Запахи были первыми, что ударило в нос. Пронзительные и настоящие. Не парфюмированный аромат освежителя, не выхлопы с улицы – а густой, насыщенный запах сена, недавно собранный. Сухая, тёплая пыль полей. К ней примешивался древесный дым, тянущийся тонкой струйкой из печи или очага. А под ним – терпкий, почти горький аромат трав, будто из старинной травяной лавки. Ромашка, полынь, зверобой, лаванда – знакомые, но в десятки раз ярче, чем в пакетиках из аптеки.

Воздух – прохладный, свежий, влажный, как бывает только ранним утром в деревне. Он врывался внутрь сквозь ткань на окне, проносил с собой холод росы и тонкий след дождя, что прошёл где-то ночью. Где-то далеко кричала птица – не чайка, не голубь, а что-то иное, с переливчатым криком, не похожим на привычных городских звуков.
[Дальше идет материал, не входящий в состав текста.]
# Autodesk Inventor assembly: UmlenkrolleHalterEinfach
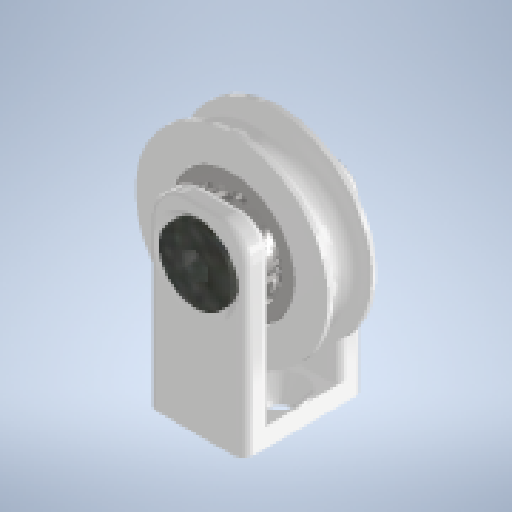
[picture p0: Inventor's stored thumbnail of the model, 512x512]
Saved by Autodesk Inventor 2025 (Build 290162010, 162A)
## iProperties
Created: 2024-11-19
Part Number: UmlenkrolleHalterEinfach
Document SubType Name: Assembly
Designer: Admin
Mass: 6.79388 g
Surface Area: 35.0539 cm^2
Volume: 2.35136 cm^3
Density: 2.88934 g/cm^3
Author: Admin
## Documents named in this file (5)
- C:\Users\Admin\GIT\HDVKBM\CAD\Krandemonstrator\UmlenkrolleHalterEinfach.iam
- C:\Users\Admin\GIT\HDVKBM\CAD\Krandemonstrator\Umlenkrolle.iam
- C:\Users\Admin\GIT\HDVKBM\CAD\Krandemonstrator\HalterUmlenkrolleN.ipt
- C:\Users\Admin\Documents\Inventor\Content Center Files\R2025\de-DE\DIN EN ISO 7089\DIN EN ISO 7089 -  4.ipt
- C:\Users\Admin\Documents\Inventor\Content Center Files\R2025\de-DE\ISO 10642(2)\ISO 10642  - M4  x  12.ipt
## Components (5 placed, 4 different names)
1. HalterUmlenkrolleN:1 — Starr:1
2. Umlenkrolle:1 [sub-assembly] — Drehbar:5
3. DIN EN ISO 10642 M4  x  12:1 — Starr:1
4. DIN EN ISO 7089 4:1
5. DIN EN ISO 7089 4:2 — Drehbar:5
## Relationships (4: RevoluteJoint 3, WeldJoint 1)
- Starr:1 [WeldJoint]: HalterUmlenkrolleN:1 ↔ DIN EN ISO 10642 M4  x  12:1
- [RevoluteJoint]: HalterUmlenkrolleN:1 ↔ DIN EN ISO 7089 4:2
- [RevoluteJoint]: HalterUmlenkrolleN:1 ↔ DIN EN ISO 7089 4:1
- Drehbar:5 [RevoluteJoint]: Umlenkrolle:1 ↔ DIN EN ISO 7089 4:2
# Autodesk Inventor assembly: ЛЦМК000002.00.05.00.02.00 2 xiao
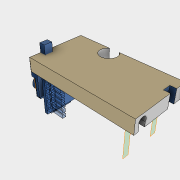
[picture p0: Inventor's stored thumbnail of the model, 180x180]
Saved by Autodesk Inventor 2021.2 (Build 252289000, 289)
## iProperties
Created: 2025-11-21
Part Number: ЛЦМК000002.00.05.00.02.00 2 xiao
Document SubType Name: Assembly
Designer: Захаров
Author: Захаров
## Documents named in this file (3)
- C:\Users\User\Documents\CaseARHead1\ЛЦМК000002.00.05.00.02.00 2 xiao.iam
- C:\Users\User\Documents\CaseARHead1\ЛЦМК.00002.00.00.00.00.22-01 Компактный короб.ipt
- C:\Users\User\Documents\CaseARHead1\Сборка1.iam
## Components (2 placed, 2 different names)
1. ЛЦМК.00002.00.00.00.00.22-01 Компактный короб:1 — Заподлицо:1, Совмещение:1, Заподлицо:2
2. Сборка1:1 [sub-assembly] — Заподлицо:1, Совмещение:1, Заподлицо:2
## Relationships (3: Flush 2, Mate 1)
- Заподлицо:1 [Flush]: ЛЦМК.00002.00.00.00.00.22-01 Компактный короб:1 ↔ Сборка1:1
- Совмещение:1 [Mate] (-2 mm): ЛЦМК.00002.00.00.00.00.22-01 Компактный короб:1 ↔ Сборка1:1
- Заподлицо:2 [Flush] (2.5 mm): ЛЦМК.00002.00.00.00.00.22-01 Компактный короб:1 ↔ Сборка1:1
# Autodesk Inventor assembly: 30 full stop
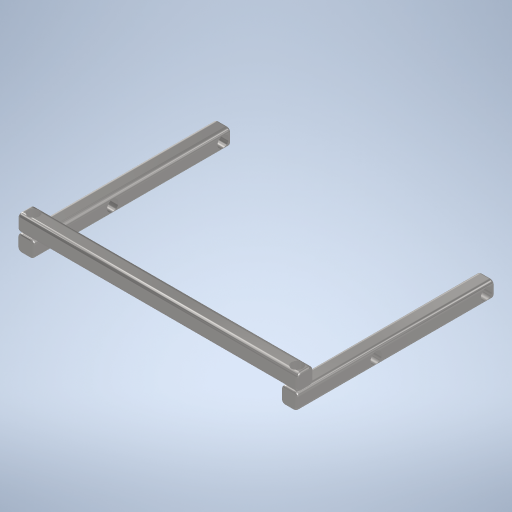
[picture p0: Inventor's stored thumbnail of the model, 512x512]
Saved by Autodesk Inventor 2023 (Build 270158000, 158)
## iProperties
Created: 2022-09-27
Part Number: 30 full stop
Document SubType Name: Assembly
Designer: aaron
Author: aaron
## Documents named in this file (3)
- C:\Users\aaron\Documents\Inventor\Spin Up\library\Structure\hs shaft\30 full stop.iam
- C:\Users\aaron\Documents\Inventor\Spin Up\library\Structure\hs shaft\30 stop.ipt
- C:\Users\aaron\Documents\Inventor\Spin Up\library\Structure\hs shaft\beam.ipt
## Components (3 placed, 2 different names)
1. 30 stop:1 — Mate:1, Mate:2, Flush:1, Flush:2, Mate:6, Mate:7
2. beam:1 — Mate:1, Flush:1, Mate:5, Mate:6
3. beam:2 — Mate:2, Flush:2, Mate:5, Mate:7
## Relationships (7: Mate 5, Flush 2)
- Mate:1: 30 stop:1 ↔ beam:1
- Mate:2: 30 stop:1 ↔ beam:2
- Flush:1: 30 stop:1 ↔ beam:1
- Flush:2: 30 stop:1 ↔ beam:2
- Mate:5: beam:1 ↔ beam:2
- Mate:6: 30 stop:1 ↔ beam:1
- Mate:7: 30 stop:1 ↔ beam:2

Где-то тихо потрескивало дерево. Старая доска, наверное, дала о себе знать от перепада температуры. Или, может быть, крыша дышала вместе с домом. Каждый звук был живым, не похожим на сон.

А тело… тело ощущало каждую деталь. Шершавость простыни. Сыпучесть соломы под спиной. Лёгкий сквозняк, ползущий по коже. Всё говорило о том, что это не привычный мир стекла и пластика. Это – нечто иное. Старое, земное, забытое.

И каждый вдох лишь сильнее утверждал это.

Я медленно открыл глаза. Потолок над головой был деревянным, с трещинами и следами времени. Между тёмными балками висели пучки сушёных трав, среди которых узнал шалфей и что-то, напоминающее зверобой. Всё вокруг казалось чужим – не было ни ламп, ни белого гипсокартона, ни привычного гудения компьютера.

Огляделся. В углу стоял деревянный табурет и небольшой столик, на котором лежала глиняная миска с водой, кусок мыла и сушёный хлеб. Стены – из неошкуренного дерева.

Пальцы, невольно сжались в кулак, сразу выдали нечто странное. Кожа – грубее, чем помнил. Тонкие линии шрамов пересекали костяшки, будто оставленные лезвием травы, острыми углями, когтями земли. Подушечки пальцев – натёртые, шероховатые. Не от клавиатуры, а от верёвок, лопаты, мешков, может быть, от рукояти ножа. Суставы двигались легко, но чувствовалась сила – как у человека, который много времени провёл на свежем воздухе, в работе, требующей рук, а не экрана.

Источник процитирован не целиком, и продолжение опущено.